Ben Wallace is totally dominating this game for us with his presence. It'd be nice if he was this motivated every game.

This is why I still hold out hope for the playoffs.


----------



## King Joseus (May 26, 2003)

Nocioni with the full beard tonight, by the way (sticking with the facial hair). Malik comes in for him, offensive foul on LeBron - still 41-27...


----------



## ChiBron (Jun 24, 2002)

Need to chill with the retarded jumpers.


----------



## ChiBron (Jun 24, 2002)

Ughh...could've easily been up 20+ if used our brains on O. Dreadful shot selection.


----------



## ballerkingn (Nov 17, 2006)

O yeah anyone remember the last time we where in clev they where hot tonight the opposite.


----------



## Frankensteiner (Dec 29, 2004)

Our ball-handling is just an embarassment.


----------



## King Joseus (May 26, 2003)

43-31 Bulls at the half.


----------



## jnrjr79 (Apr 18, 2003)

So far, so good.


----------



## eymang (Dec 15, 2006)

good half, but a lot of it has to do with them


----------



## bullybullz (Jan 28, 2007)

One thing I notice about the Bulls is that they are a very versatile team.


----------



## Orange Julius Irving (Jun 28, 2004)

This board is dead tonight.

Bulls seem to be playing good defense again. Hope they can keep this up, if so, things are looking good.

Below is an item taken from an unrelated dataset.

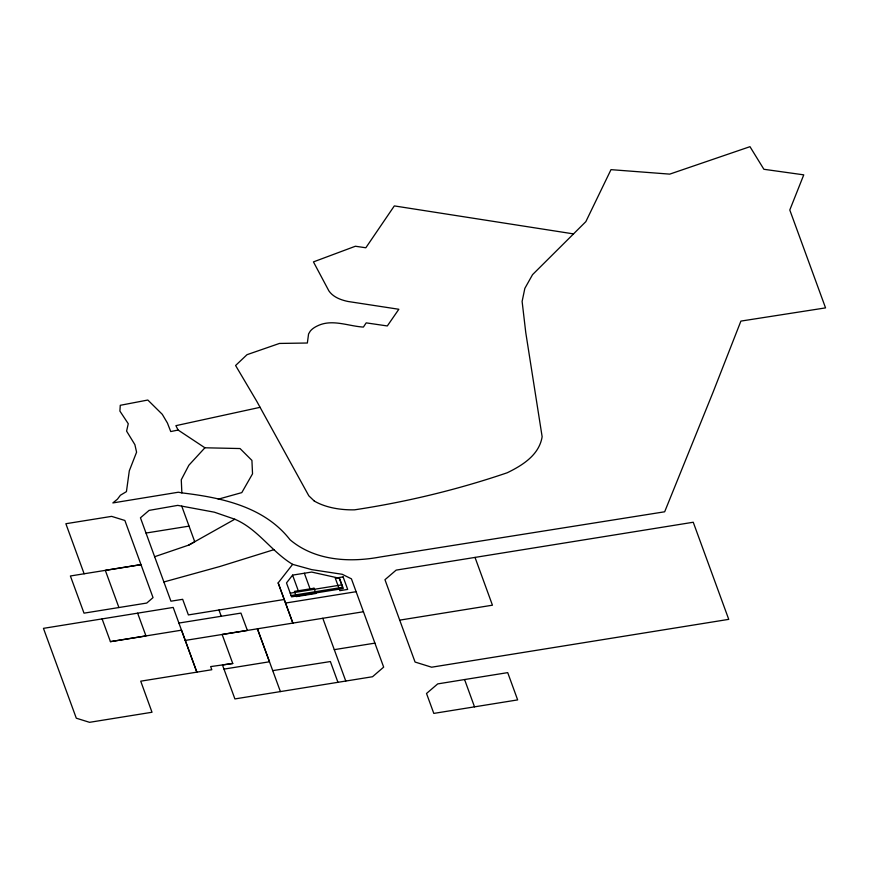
<?xml version="1.0" encoding="UTF-8"?>
<svg xmlns="http://www.w3.org/2000/svg" width="869" height="869" viewBox="0 0 869 869"><rect width="100%" height="100%" fill="white"/><g stroke="black" fill="none" stroke-linecap="round" stroke-linejoin="round"><path stroke-width="1.3" d="M278.156 582.903L292.864 623.095L278.156 582.903L292.636 564.361L311.678 569.629L342.234 574.29L351.434 578.852L383.663 667.12L372.54 676.734L234.902 698.926L222.453 664.948L232.751 663.492L222.138 634.479L363.427 611.743M292.581 575.126L286.498 582.925L291.571 596.84L343.277 588.519L339.54 578.287L311.623 572.063L292.581 575.126L298.295 590.768M218.238 499.186L241.799 492.614L252.531 473.833L251.923 460.418L240.05 448.545L204.91 447.785L188.855 465.252L181.273 479.775L181.86 492.886C221.291 497.557 264.306 506.584 290.04 539.768C314.85 560.744 349.295 562.71 379.959 557.04L664.666 511.787L713.058 392.245L740.899 321.096L825.55 307.887L789.791 210.005L803.76 174.854L763.884 169.281L749.98 146.676L669.738 174.126L610.994 169.651L585.858 221.628L532.556 274.637L524.843 288.378L522.117 301.445L525.767 332.588L542.137 436.727C539.214 454.976 522.519 465.328 507.214 472.769C457.626 489.638 406.344 502.01 354.585 509.831A57.321 30.969 -4.5 0 1 314.263 501.022M234.804 519.227L214.382 512.189L177.721 505.378L149.099 510.385L140.452 517.805L154.639 556.714L188.79 545.069L234.804 519.227C257.876 528.949 271.476 551.696 292.636 564.361M188.79 545.069L194.743 541.745L181.74 506.127M273.963 549.664L219.781 566.534L163.893 581.969M260.103 407.322L175.896 425.669L178.123 430.046L204.91 447.785M178.123 430.046L170.737 431.556L167.424 423.029L162.297 414.339L147.828 400.033L120.27 405.302L119.9 411.091L128.264 423.735L126.592 431.111L134.88 444.646L136.585 452.184L129.307 470.802L126.429 491.637L120.411 495.232L117.456 499.164L112.851 502.934L178.362 492.223L181.86 492.886M146.025 533.045L188.997 526.136M118.912 607.529L84.011 613.156L70.389 575.984L140.984 564.633L105.323 570.368L118.912 607.529L146.763 603.053L153.031 597.611L124.875 520.477L111.623 516.371L65.87 523.725L84.13 573.79M102.097 618.913L110.428 641.648L181.523 630.177L196.85 672.15L140.724 681.177L152.01 712.254L89.55 722.324L76.298 718.196L43.45 628.352L173.192 607.431L196.85 672.15L211.808 669.727L210.646 666.588L232.751 663.492M290.235 593.169L341.691 584.891M291.126 595.602L342.571 587.314L339.258 578.222M284.196 599.491L188.388 614.926L182.675 599.317L170.932 601.196L154.639 556.714M285.543 603.053L356.105 591.702M178.895 623.062L240.941 613.101L247.383 630.416L185.227 640.42M110.428 641.648L145.97 635.934L137.639 613.177M399.707 620.14L415.067 662.048L431.621 667.207L728.743 619.358L693.245 522.247L396.155 570.118L384.967 579.71L399.707 620.14L492.441 605.193L475.017 557.409M224.017 669.108L269.466 661.776L257.409 628.808L280.405 691.583M464.589 679.547L437.704 683.903L426.516 693.484L433.805 713.406L517.652 699.903L507.713 672.628L464.589 679.547L474.517 706.845M334.283 649.654L374.897 643.136M272.725 670.629L330.383 661.548L337.943 682.306M573.518 233.891L394.33 205.91L365.827 247.774L355.388 246.242L313.448 261.895L328.873 290.876C333.196 297.165 340.833 299.957 348.002 301.478L398.838 309.266L387.313 325.951L366.186 322.866L363.405 327.081C348.219 326.179 331.925 318.597 317.185 326.016A23.365 12.622 -4.5 0 0 310.32 331.046L308.571 333.946L307.354 343.016L279.46 343.44L247.024 354.682L235.586 365.501L256.735 401.25L308.81 495.797L314.263 501.022M218.966 610.005L221.28 616.295M322.801 618.283L345.764 681.024M304.356 573.236L310.059 588.878M343.125 576.897L335.282 578.157L339.844 590.67L347.687 589.41L343.125 576.897M314.046 588.237L294.439 591.387L296.34 596.601L315.947 593.451L314.046 588.237"/></g></svg>

If not for Duhon and Kirk's poor shooting Bulls could be up by much more.

I think Du took the last 3 or 4 shots (all misses), not good.


----------



## bullybullz (Jan 28, 2007)

Orange Julius Irving said:


> This board is dead tonight.
> 
> Bulls seem to be playing good defense again. Hope they can keep this up, if so, things are looking good.
> 
> ...


I think people are "SHOCKED" that Gasol didn't get traded to the Bulls...


----------



## King Joseus (May 26, 2003)

Gordon gets called for a charge to start the 2nd half, Gooden scores for the Cavs.


----------



## King Joseus (May 26, 2003)

Larry Hughes draws the foul on Ben Wallace, misses both FTs. Hinrich drives in for the layup, after a Cavs miss Gordon hits a jumper and it's 47-33 Bulls.


----------



## King Joseus (May 26, 2003)

Hinrich hits the jumper off the Wallace screen. Cavs are playing bad basketball right now, though Larry Hughes started this half off hot - draws a foul on Gordon here, as well. 51-37 with Hughes having two FTs coming up...


----------



## King Joseus (May 26, 2003)

Skiles is not happy here, timeout Bulls. 51-41 with 6:51 left in the 3rd...


----------



## Orange Julius Irving (Jun 28, 2004)

bullybullz said:


> I think people are "SHOCKED" that Gasol didn't get traded to the Bulls...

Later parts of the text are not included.